We have created a two-tier system of government in Ottawa, or an upstairs-downstairs to governing. More to the point, governing from the centre has created a fault line in the government where things that matter to the prime minister and his immediate advisers are brought above the line and dealt with quickly and effectively. Only the prime minister and his advisers will decide what belongs above the fault line. It can be anything from a decision to go to war while not consulting the relevant ministers – let alone the cabinet – down to a $90,000 problem considered sufficiently important to generate 450+ pages of e-mails. Under these circumstances, why would anyone other than a career politician want to run for Parliament?

The e-mails are revealing in many ways. There is no evidence that the bureaucracy from the Privy Council Office, the Canada Revenue Agency or other departments was involved or even consulted. One would think, for example, that the CRA could have provided some advice on residence status under the Income Tax Act.

What does not matter to the prime minister and his advisers is pushed down below the fault line. Here, ministers and departments are expected to run on their tracks and not create fodder for the blame game. Here, public servants are also expected to attend countless meetings and deal with a growing array of oversight bodies that would not be tolerated in any other sector.

With Parliament losing relevance, with regional ministers no longer enjoying standing either inside government or in their region, with nothing of substance belonging to line ministers and their departments any more and with the concentration of political power at the centre, governing has become a process of political and economic elites talking to other political elites. This is where the public interest now takes shape, not through evidence-based policy advice.

Governing from the centre first took shape under Pierre Trudeau. It has only grown in scope and intensity since. We have reached the point where our national political and bureaucratic institutions have lost their way. We see evidence of this everywhere – voter participation has been drifting down for the past 40 years or so and our national public service suffers from a worrisome morale problem. Why bother voting if what matters is decided by economic and political elites talking to one another or through lobbyists, and why bother generating well-thought and evidence-based policy advice, knowing that there is no political market for it? Why bother trying to manage operations as competently as your private sector counterparts when you are told to avoid all risks in the interest of managing the blame game?

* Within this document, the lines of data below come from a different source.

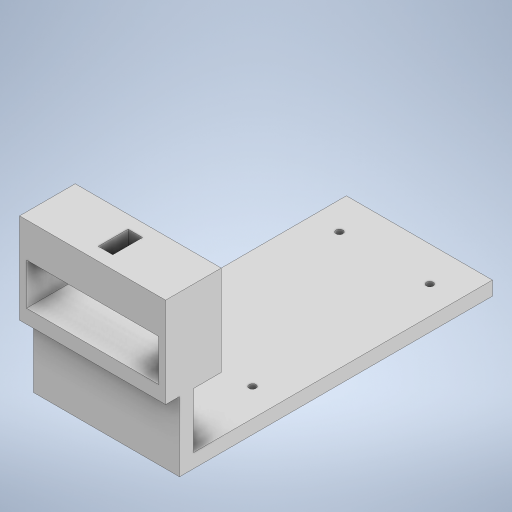
# Autodesk Inventor part: base
Saved by Autodesk Inventor 2023 (Build 270158000, 158)
## iProperties
Created: 2022-07-03
Part Number: base
Material: Genérico
Document SubType Name: Modeling
Designer: inigo
Density: 1 g/cm^3
Appearance: Valor por defecto
Author: inigo
Autodesk Inventor part; units mm, degrees
ref_plane "YZ Plane" through (0, 0, 0) normal (1, 0, 0) x (0, 1, 0)
ref_plane "XZ Plane" through (0, 0, 0) normal (0, 1, 0) x (-1, 0, 0)
ref_plane "XY Plane" through (0, 0, 0) normal (0, 0, 1) x (1, 0, 0)
sketch "Boceto1" plane through (0, 0, 0) normal (1, 0, 0) x (0, 1, 0)
  line L0 (10, 225) -> (-10, 225)
  line L1 (-10, 225) -> (-10, -225)
  line L2 (-10, -225) -> (10, -225)
  line L3 (10, -225) -> (10, 225)
  line L4 (10, 225) -> (-10, -225) construction
  line L5 (-10, 225) -> (10, -225) construction
  point P0 (0, 0)
  dimension "d0" = 20
  dimension "d1" = 450
  constraints: 12 end point, 2 midpoint, 2 parallel, 1 horizontal, 1 perpendicular
  measures "d0" distance of L2.end L1.end
  measures "d1" distance of L1.end L0.end
extrude "Extrusión1" add sketch "Boceto1" along normal blind 210
sketch "Boceto2" plane through (0, 10, 225) normal (0, 1, 0) x (1, 0, 0)
  line L0 (0, 0) -> (0, 450) projected
  line L1 (210, 0) -> (210, 450) projected
  line L2 (0, 0) -> (210, 0)
  line L3 (210, 0) -> (210, 20)
  line L4 (210, 20) -> (0, 20)
  line L5 (0, 20) -> (0, 0)
  point P0 (0, 225)
  dimension "d4" = 20
  constraints: 8 end point, 2 parallel, 1 horizontal, 1 perpendicular, 1 point on line
  measures "d4" distance of L3.end L2.end
extrude "Extrusión2" add sketch "Boceto2" along normal blind 80
sketch "Boceto3" plane through (0, 90, 225) normal (0, 1, 0) x (1, 0, 0)
  line L0 (0, 0) -> (210, 0) projected
  line L1 (0, 0) -> (210, 0)
  line L2 (210, 0) -> (210, -20)
  line L3 (210, -20) -> (0, -20)
  line L4 (0, -20) -> (0, 0)
  line L5 (0, 0) -> (210, 0)
  line L6 (210, 0) -> (210, 60)
  line L7 (210, 60) -> (0, 60)
  line L8 (0, 60) -> (0, 0)
  point P0 (0, 225)
  dimension "d7" = 20
  dimension "d8" = 210
  dimension "d9" = 60
  constraints: 16 end point, 4 parallel, 2 horizontal, 2 perpendicular
  measures "d7" distance of L1.end L2.end
  measures "d8" distance of L7.end L6.end
  measures "d9" distance of L6.end L5.end
extrude "Extrusión3" add sketch "Boceto3" along normal blind 130
sketch "Boceto4" plane through (0, 90, 245) normal (0, 0, 1) x (1, 0, 0)
  line L0 (10, 80) -> (200, 80)
  line L1 (200, 80) -> (200, 20)
  line L2 (200, 20) -> (10, 20)
  line L3 (10, 20) -> (10, 80)
  point P0 (0, -90)
  point P1 (0, 130)
  point P2 (210, 0)
  dimension "d12" = 190
  dimension "d13" = 60
  constraints: 8 end point, 2 parallel, 1 horizontal, 1 perpendicular
  measures "d12" distance of L1.end L2.end
  measures "d13" distance of L0.end L1.end
extrude "Extrusión4" cut sketch "Boceto4" against normal blind 60
sketch "Boceto5" plane through (0, 220, 225) normal (0, 1, 0) x (1, 0, 0)
  line L0 (94.5, -1.5) -> (115.5, -1.5)
  line L1 (115.5, -1.5) -> (115.5, 41.5)
  line L2 (115.5, 41.5) -> (94.5, 41.5)
  line L3 (94.5, 41.5) -> (94.5, -1.5)
  line L4 (94.5, -1.5) -> (115.5, 41.5) construction
  line L5 (115.5, -1.5) -> (94.5, 41.5) construction
  point P0 (0, 225)
  point P1 (105, 20)
  dimension "d18" = 21
  dimension "d19" = 43
  constraints: 12 end point, 2 midpoint, 2 parallel, 1 horizontal, 1 perpendicular
  measures "d18" distance of L2.end L1.end
  measures "d19" distance of L1.end L0.end
extrude "Extrusión5" cut sketch "Boceto5" against normal blind 43
sketch "Boceto6" plane through (0, 10, -225) normal (0, 1, 0) x (1, 0, 0)
  circle A0 centre (40, -305) radius 5
  circle A1 centre (40, -50) radius 5
  circle A2 centre (170, -305) radius 5
  circle A3 centre (170, -50) radius 5
  line L0 (0, -470) -> (210, -470) projected
  line L1 (0, 0) -> (210, 0) projected
  line L2 (0, 0) -> (0, -430) projected
  line L3 (210, 0) -> (210, -430) projected
  point P0 (0, -225)
  dimension "d23" = 10
  dimension "d24" = 10
  dimension "d25" = 10
  dimension "d26" = 10
  dimension "d27" = 165
  dimension "d28" = 50
  dimension "d29" = 50
  dimension "d30" = 165
  dimension "d31" = 40
  dimension "d32" = 40
  dimension "d33" = 40
  dimension "d34" = 40
  constraints: 4 centre point
  measures "d23" diameter of A0
  measures "d24" diameter of A1
  measures "d25" diameter of A2
  measures "d26" diameter of A3
  measures "d27" distance from line of L0 A0.centre
  measures "d28" distance from line of L1 A1.centre
  measures "d29" distance from line of L1 A3.centre
  measures "d30" distance from line of L0 A2.centre
  measures "d31" distance from line of L2 A0.centre
  measures "d32" distance from line of L2 A1.centre
  measures "d33" distance from line of L3 A3.centre
  measures "d34" distance from line of L3 A2.centre
extrude "Extrusión6" cut sketch "Boceto6" against normal blind 43

Canadians are paying a high price for this state of affairs. Governing from the centre tosses aside not only Parliament but the voice of the regions as well. Governing Canada as it were a unitary state in a country as geographically and economically diverse as Canada is fraught with danger. Not only are regional ministers now a relic of Canadian political history, provincial premiers are left on the sideline, talking to one another with little influence on national policy.

The state of Canadian democracy and the health of our political institutions require the attention of Canadians and our political leaders. They cannot be relegated to a segment of the leaders debate. Sound public policies and the ability of Canada’s regions to work toward a common purpose are tied to our political institutions.

What the 450+ pages of e-mails reveal is the sorry state of our institutions. An upstairs-downstairs to governing and treating our political institutions as an appendage of the PMO is fraught with danger for democracy, for national unity and sound public policy and for the pursuit of the public interest.